*** Exercise input Section Begins ***
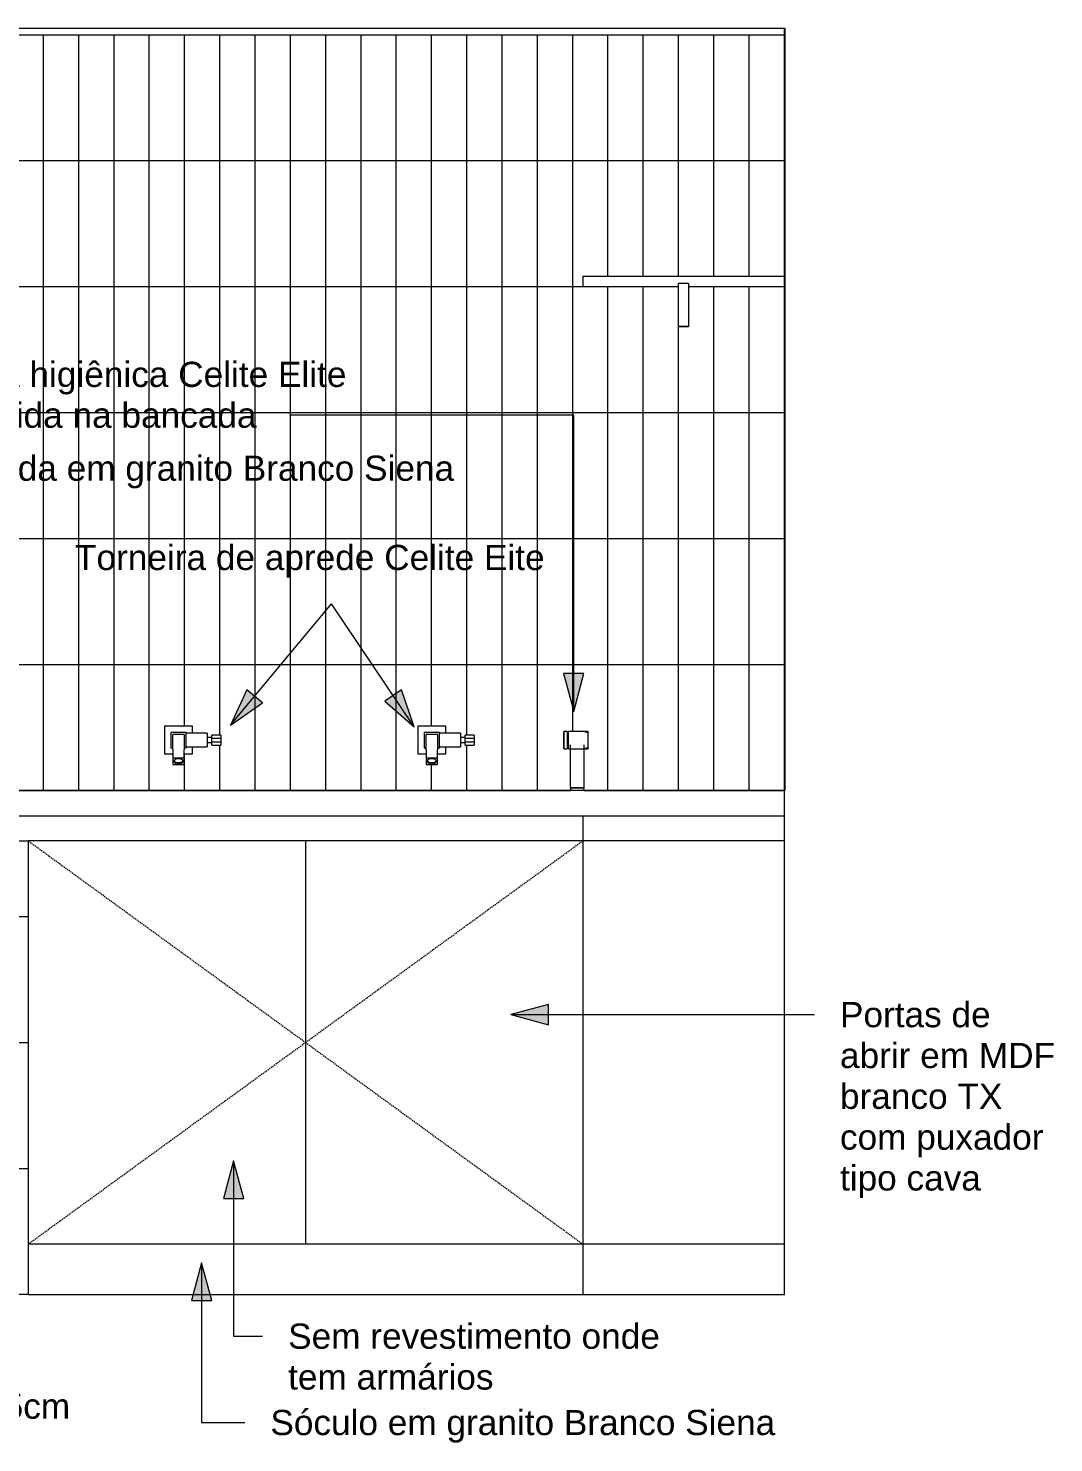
# Model space of a CAD drawing. Header units: millimetres. Extents: x -7376 to 9919, y -19320 to 2725.
# Drawn here: x -2903 to -869, y -94 to 2713 of the extents above; entities that cross this region are included whole.
import ezdxf

# ---------------------------------------------------------------- set-up
doc = ezdxf.new("R2010")
doc.units = ezdxf.units.MM
doc.linetypes.add('Overhead', pattern=[3.96875, 2.38125, -1.5875])
for name, color, linetype, lineweight in [('A-CLNG', 13, 'Continuous', 9), ('A-DETL-THIN', 151, 'Continuous', 9), ('A-FLOR-OVHD', 1, 'Overhead', 9), ('A-WALL', 113, 'Continuous', 25), ('A-WALL-PATT', 111, 'Continuous', 25), ('G-ANNO-TEXT', 231, 'Continuous', 9), ('I-FURN', 30, 'Continuous', 9), ('P-SANR-FIXT', 6, 'Continuous', 9), ('Q-CASE', 31, 'Continuous', 9)]:
    doc.layers.add(name, color=color, linetype=linetype, lineweight=lineweight)
doc.styles.add('Arial_1', font='arial.ttf', dxfattribs={"height": 50})

# ---------------------------------------------------------------- blocks, each defined once
blk = doc.blocks.new('Torneira de Parede Elite - Único-4610672-ELEVAÇÃO 2 LAVANDERIA')
at = {"layer": 'P-SANR-FIXT'}
for p, q in [((-17934.11900142811, 1327.499999999984), (-17989.11900142811, 1327.499999999984)), ((-17989.11900142811, 1327.499999999984), (-17989.11900142811, 1272.499999999984)), ((-17934.11900142811, 1313.556031130533), (-17934.11900142811, 1327.499999999984)), ((-17946.6190014281, 1314.999999999967), (-17976.6190014281, 1314.999999999967)), ((-17976.6190014281, 1314.999999999967), (-17976.6190014281, 1284.999999999967)), ((-17950.61900142812, 1310.999999999968), (-17972.61900142812, 1310.999999999968)), ((-17972.61900142812, 1280.723926980891), (-17972.61900142812, 1310.999999999966)), ((-17950.61900142812, 1310.999999999966), (-17950.61900142812, 1280.723926980892)), ((-17946.6190014281, 1284.999999999967), (-17946.6190014281, 1314.999999999967)), ((-17904.61900142806, 1313.556031130535), (-17945.17503255867, 1313.556031130535)), ((-17904.61900142807, 1313.556031130533), (-17904.61900142807, 1286.4439688694)), ((-17895.65713667862, 1304.999999999968), (-17904.61900142806, 1304.999999999968)), ((-17904.61900142806, 1294.999999999968), (-17895.65713667862, 1294.999999999968)), ((-17877.62064865757, 1309.999999999969), (-17895.65713667862, 1309.999999999969)), ((-17895.65713667862, 1307.499999999967), (-17895.65713667862, 1309.999999999967)), ((-17895.65713667862, 1304.288985825113), (-17895.65713667862, 1307.499999999967)), ((-17895.65713667862, 1303.288985825113), (-17895.65713667862, 1304.288985825113)), ((-17877.62064865757, 1303.288985825115), (-17895.65713667862, 1303.288985825115)), ((-17895.65713667862, 1302.788985825113), (-17895.65713667862, 1303.288985825113)), ((-17895.65713667862, 1297.23755272055), (-17895.65713667862, 1302.788985825113)), ((-17895.65713667862, 1296.73755272055), (-17895.65713667862, 1297.23755272055)), ((-17895.65713667862, 1296.737552720552), (-17877.62064865757, 1296.737552720552)), ((-17895.65713667862, 1295.73755272055), (-17895.65713667862, 1296.73755272055)), ((-17895.65713667862, 1292.499999999967), (-17895.65713667862, 1295.73755272055)), ((-17895.65713667862, 1289.999999999967), (-17895.65713667862, 1292.499999999967)), ((-17877.62064865757, 1309.999999999967), (-17877.62064865757, 1307.499999999967)), ((-17877.62064865757, 1307.499999999967), (-17877.62064865757, 1304.288985825113)), ((-17877.62064865757, 1304.288985825113), (-17877.62064865757, 1303.288985825113)), ((-17877.62064865757, 1303.288985825113), (-17877.62064865757, 1302.788985825113)), ((-17877.62064865757, 1302.788985825113), (-17877.62064865757, 1297.23755272055)), ((-17877.62064865757, 1297.23755272055), (-17877.62064865757, 1296.73755272055)), ((-17877.62064865757, 1296.73755272055), (-17877.62064865757, 1295.73755272055)), ((-17877.62064865757, 1295.73755272055), (-17877.62064865757, 1292.499999999967)), ((-17877.62064865757, 1292.499999999967), (-17877.62064865757, 1289.999999999967)), ((-17989.11900142811, 1272.499999999984), (-17972.61900142812, 1272.499999999984)), ((-17976.6190014281, 1284.999999999967), (-17972.61900142812, 1284.999999999967)), ((-17972.61900142812, 1280.723926980891), (-17972.61900142812, 1264.309340799819)), ((-17950.61900142812, 1264.309340799819), (-17972.61900142812, 1264.309340799819)), ((-17972.61900142812, 1264.309340799819), (-17972.61900142812, 1251.690659200096)), ((-17950.61900142812, 1284.999999999967), (-17946.6190014281, 1284.999999999967)), ((-17950.61900142812, 1264.309340799819), (-17950.61900142812, 1280.723926980891)), ((-17950.61900142812, 1272.499999999984), (-17934.11900142811, 1272.499999999984)), ((-17950.61900142812, 1251.690659200096), (-17950.61900142812, 1264.309340799819)), ((-17945.17503255867, 1286.443968869402), (-17904.61900142806, 1286.443968869402)), ((-17934.11900142811, 1272.499999999984), (-17934.11900142811, 1286.4439688694)), ((-17895.65713667862, 1289.999999999969), (-17877.62064865757, 1289.999999999969)), ((-17972.61900142812, 1251.690659200096), (-17950.61900142812, 1251.690659200096))]:
    blk.add_line(p, q, dxfattribs=at)
at = {"layer": 'P-SANR-FIXT', "flags": 128}
for points in [[(-17946.61784640702, 1314.942256646293), (-17946.61438319157, 1314.884605669665), (-17946.60861732215, 1314.827139299351), (-17946.60055802292, 1314.769949469282), (-17946.59021818704, 1314.713127670988), (-17946.57761435605, 1314.656764807224), (-17946.56276669339, 1314.600951046549), (-17946.54569895215, 1314.545775679073), (-17946.52643843706, 1314.491326973615), (-17946.50501596086, 1314.437692036488), (-17946.48146579493, 1314.384956672149), (-17946.45582561451, 1314.333205245933), (-17946.42813643842, 1314.282520549082), (-17946.39844256344, 1314.232983666297), (-17946.36679149343, 1314.184673846026), (-17946.33323386336, 1314.137668373673), (-17946.29782335827, 1314.092042447969), (-17946.26061662741, 1314.04786906066), (-17946.22167319362, 1314.005218879744), (-17946.18105535809, 1313.964160136411), (-17946.13882810069, 1313.924758515893), (-17946.09505897602, 1313.887077052376), (-17946.04981800534, 1313.851176028165), (-17946.00317756456, 1313.817112877239), (-17945.95521226843, 1313.784942093374), (-17945.90599885119, 1313.754715142961), (-17945.85561604382, 1313.726480382672), (-17945.80414444806, 1313.700282982102), (-17945.75166640747, 1313.676164851502), (-17945.69826587573, 1313.654164574736), (-17945.64402828231, 1313.634317347555), (-17945.58904039577, 1313.616654921287), (-17945.53339018501, 1313.601205552048), (-17945.4771666785, 1313.587993955531), (-17945.42045982185, 1313.577041267473), (-17945.36336033393, 1313.568365009839), (-17945.30595956174, 1313.561979062791), (-17945.24834933427, 1313.557893642481), (-17945.19062181561, 1313.556115284709), (-17945.17503255867, 1313.556031130535)], [(-17945.17503255867, 1286.443968869402), (-17945.23277591235, 1286.442813848322), (-17945.29042688897, 1286.439350632867), (-17945.34789325929, 1286.433584763446), (-17945.40508308936, 1286.425525464218), (-17945.46190488765, 1286.415185628343), (-17945.51826775142, 1286.402581797354), (-17945.57408151209, 1286.387734134688), (-17945.62925687957, 1286.370666393443), (-17945.68370558503, 1286.351405878361), (-17945.73734052215, 1286.329983402158), (-17945.79007588649, 1286.306433236226), (-17945.8418273127, 1286.280793055807), (-17945.89251200956, 1286.253103879721), (-17945.94204889234, 1286.22341000474), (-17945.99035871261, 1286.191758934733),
*** Exercise input Section Ends ***
- **What is being asked**
Scan the records above, then copy out each line that mentions "dxfattribs".

- **Reply to the exercise**
doc.styles.add('Arial_1', font='arial.ttf', dxfattribs={"height": 50})
    blk.add_line(p, q, dxfattribs=at)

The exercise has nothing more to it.